- _BRIEF_:
Would you transcribe the line that holds "[picture b2s6b: schematic" and all the lines below it, through the final one, exactly and with nothing else?

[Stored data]
-- Opening Marker --

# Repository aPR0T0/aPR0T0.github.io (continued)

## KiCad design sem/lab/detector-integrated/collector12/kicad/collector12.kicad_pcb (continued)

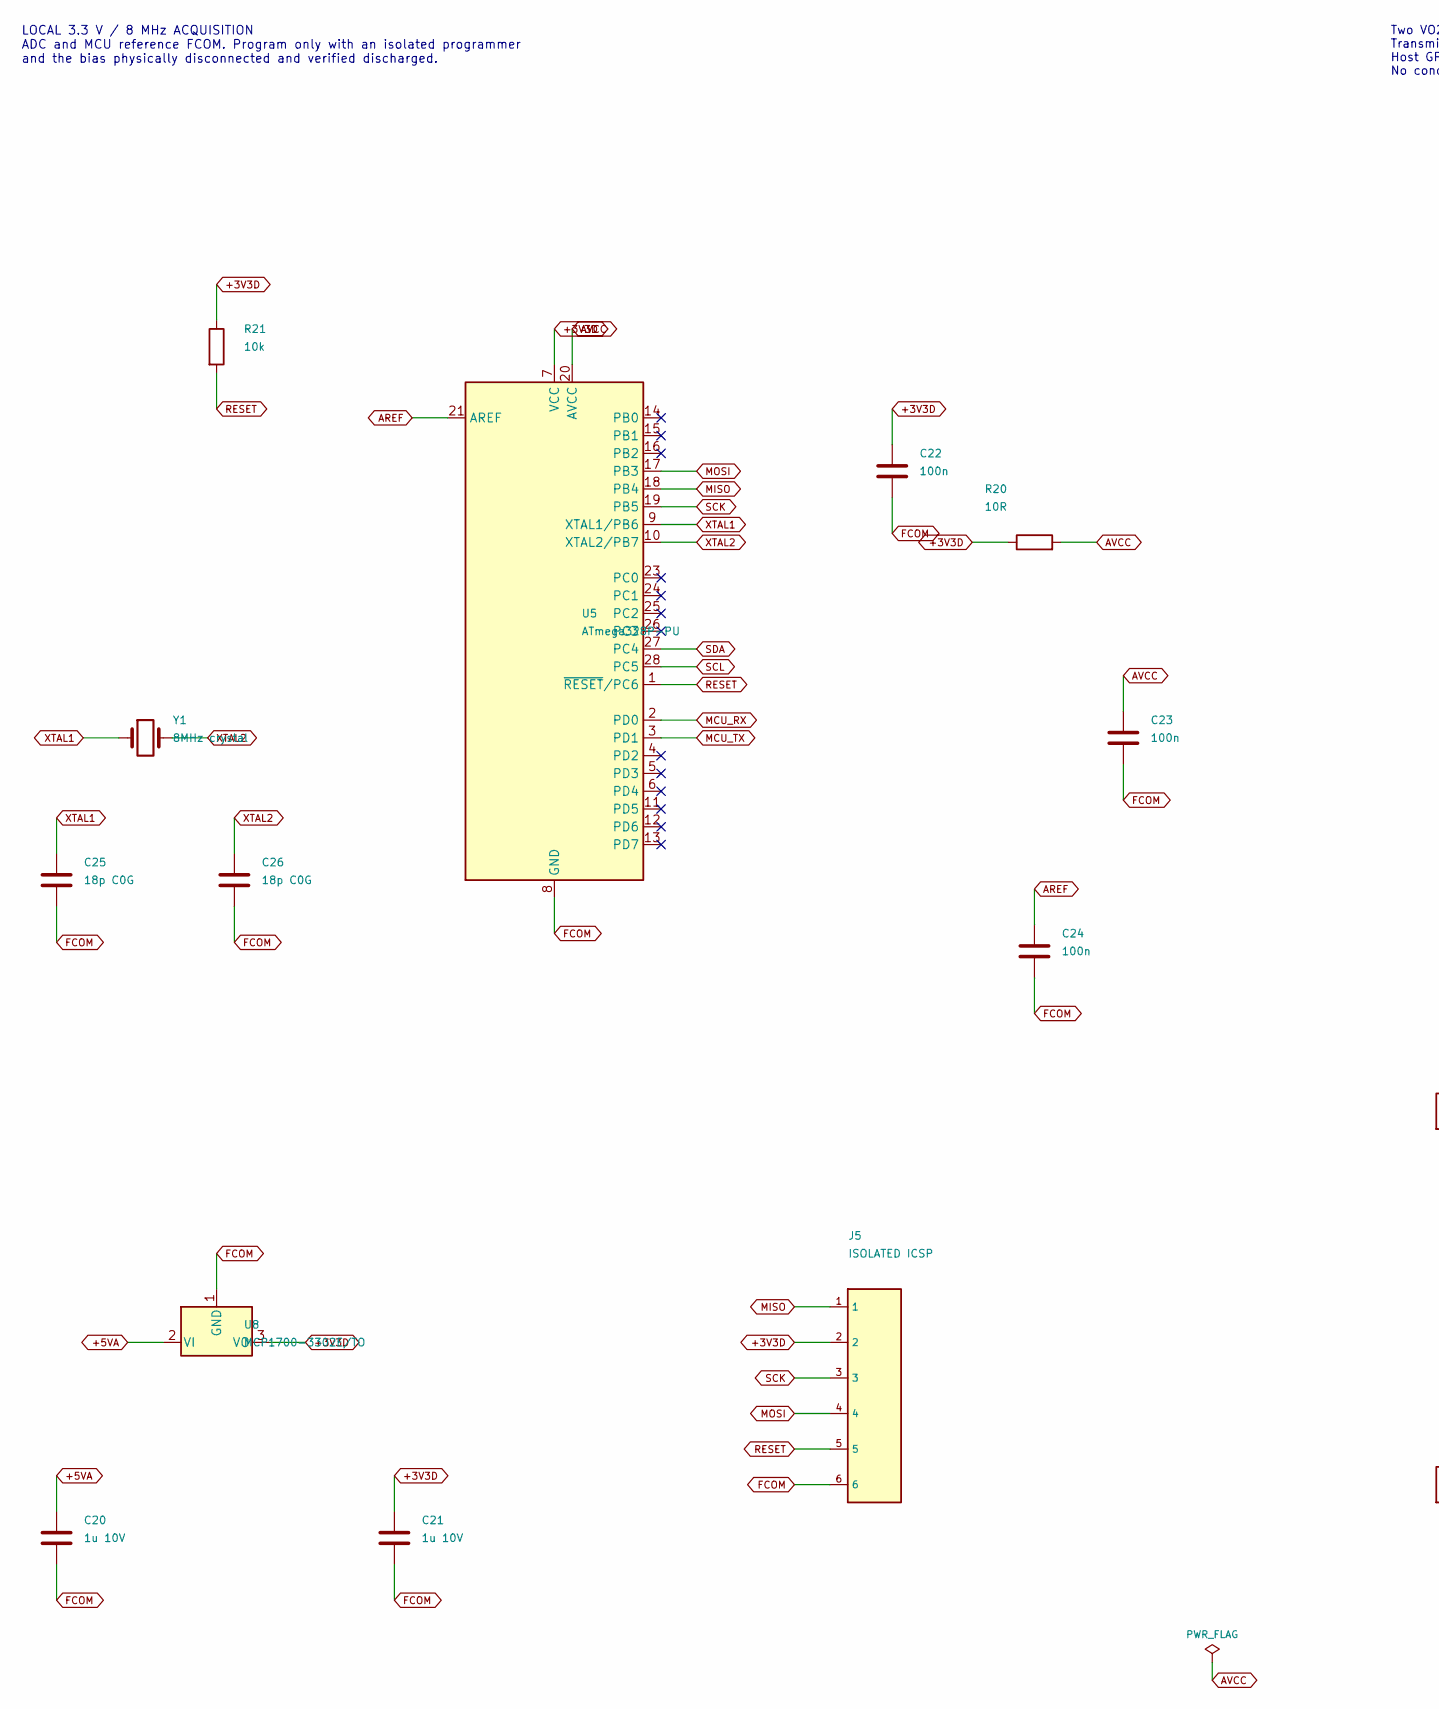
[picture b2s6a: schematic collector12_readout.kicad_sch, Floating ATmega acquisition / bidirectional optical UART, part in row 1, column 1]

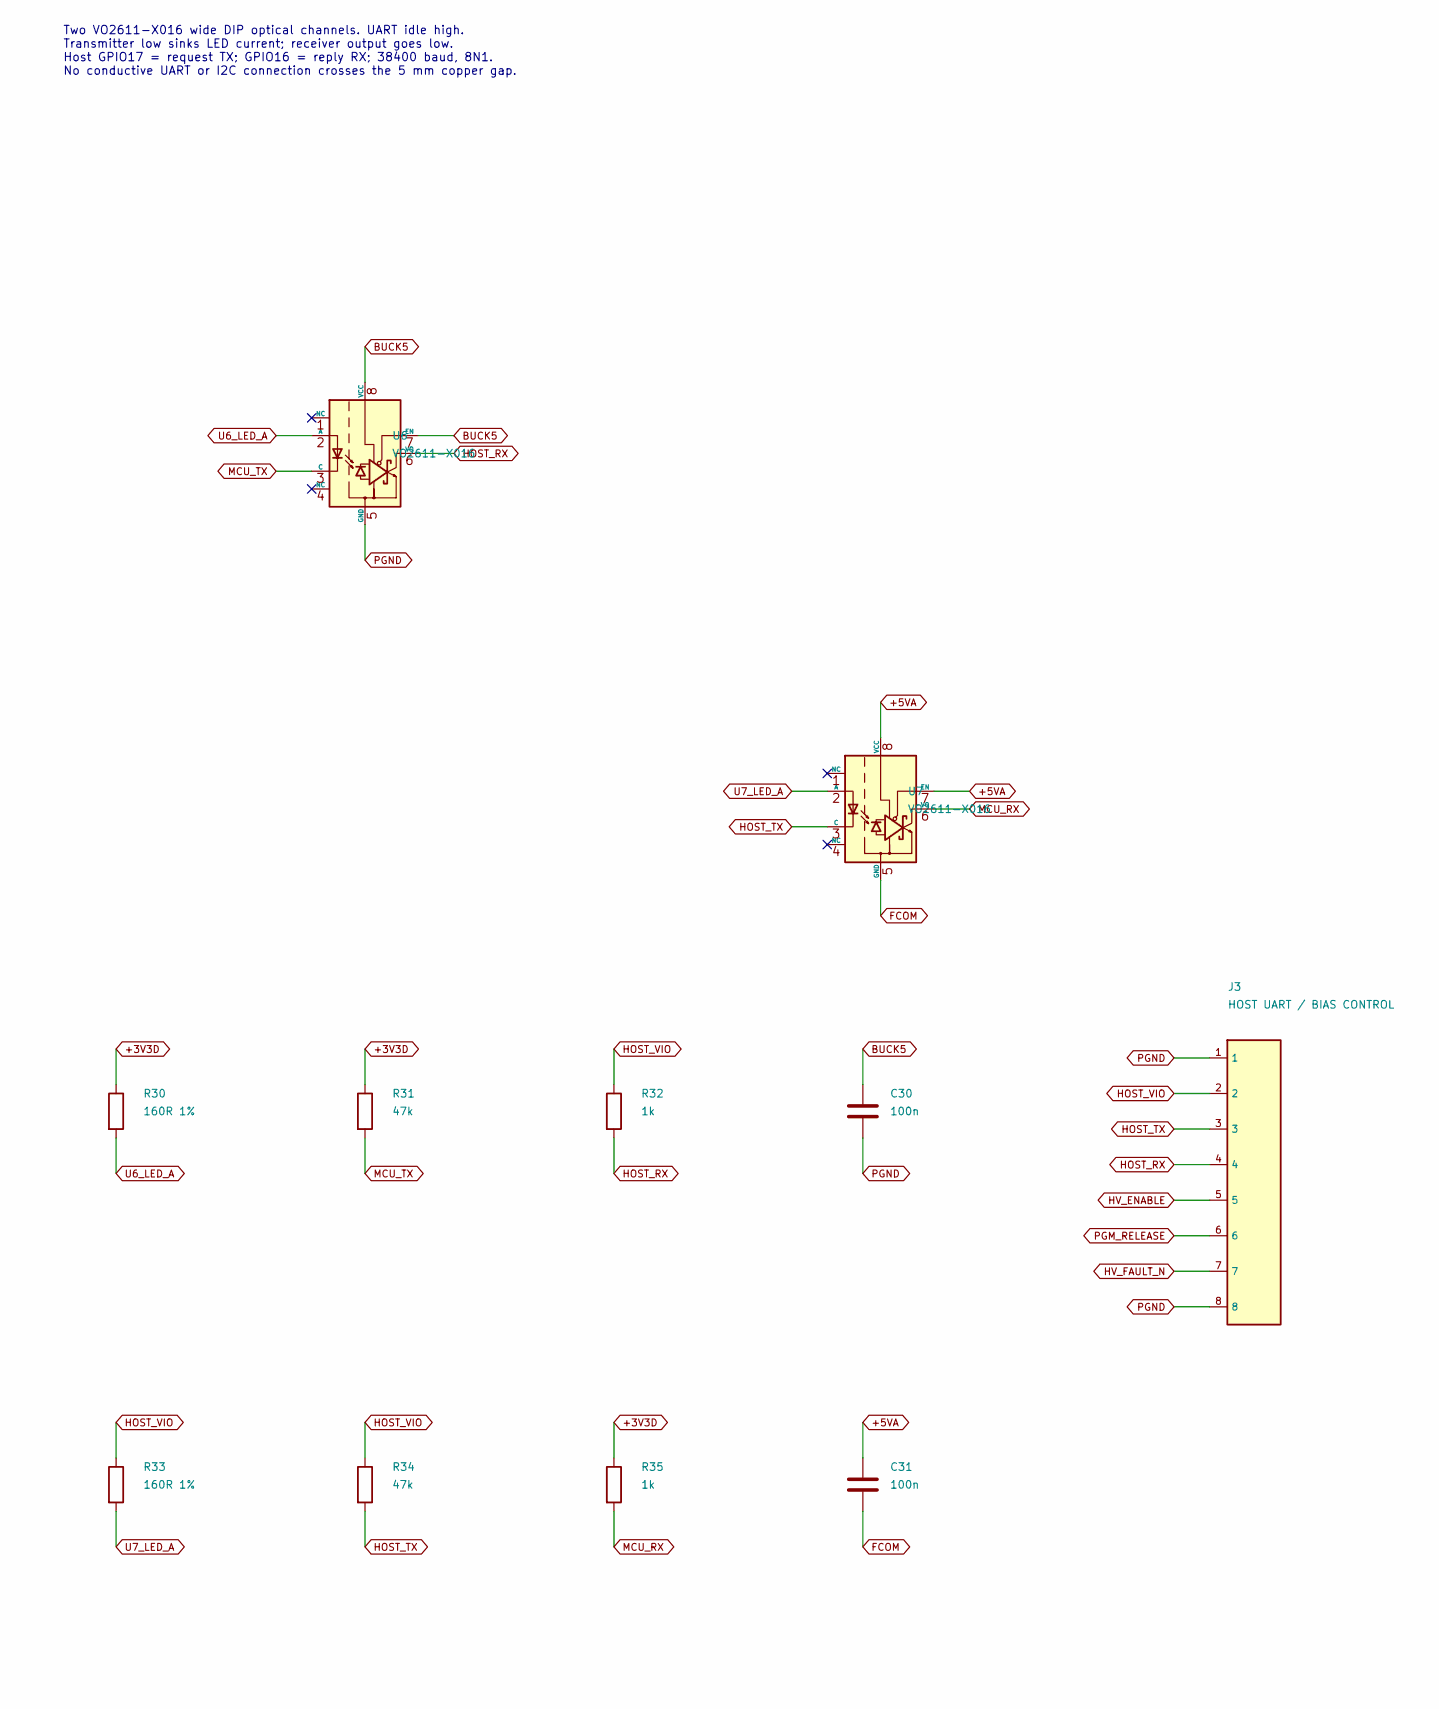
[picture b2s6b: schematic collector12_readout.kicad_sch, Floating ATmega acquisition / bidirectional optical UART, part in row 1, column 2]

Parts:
C20, C21: 1u 10V; C_0805_2012Metric
C22, C23, C24, C30, C31: 100n; C_0805_2012Metric
C25, C26: 18p C0G; C_0805_2012Metric
J3: HOST UART / BIAS CONTROL; PinHeader_1x08_P2.54mm_Vertical
J5: ISOLATED ICSP; PinHeader_2x03_P2.54mm_Vertical
R20: 10R; R_0805_2012Metric
R21: 10k; R_0805_2012Metric
R30, R33: 160R 1%; R_0805_2012Metric
R31, R34: 47k; R_0805_2012Metric
R32, R35: 1k; R_0805_2012Metric
U5: ATmega328P-PU; DIP-28_W7.62mm; MPN ATmega328P-PU
U6, U7: VO2611-X016; DIP-8_W10.16mm; MPN VO2611-X016
U8: MCP1700-3302E/TO; TO-92_Inline; MPN MCP1700-3302E/TO
Y1: 8MHz crystal; Crystal_HC49-U_Vertical

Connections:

-- Closing Marker --

- _TASK RESULT_:
[picture b2s6b: schematic collector12_readout.kicad_sch, Floating ATmega acquisition / bidirectional optical UART, part in row 1, column 2]

Parts:
C20, C21: 1u 10V; C_0805_2012Metric
C22, C23, C24, C30, C31: 100n; C_0805_2012Metric
C25, C26: 18p C0G; C_0805_2012Metric
J3: HOST UART / BIAS CONTROL; PinHeader_1x08_P2.54mm_Vertical
J5: ISOLATED ICSP; PinHeader_2x03_P2.54mm_Vertical
R20: 10R; R_0805_2012Metric
R21: 10k; R_0805_2012Metric
R30, R33: 160R 1%; R_0805_2012Metric
R31, R34: 47k; R_0805_2012Metric
R32, R35: 1k; R_0805_2012Metric
U5: ATmega328P-PU; DIP-28_W7.62mm; MPN ATmega328P-PU
U6, U7: VO2611-X016; DIP-8_W10.16mm; MPN VO2611-X016
U8: MCP1700-3302E/TO; TO-92_Inline; MPN MCP1700-3302E/TO
Y1: 8MHz crystal; Crystal_HC49-U_Vertical

Connections:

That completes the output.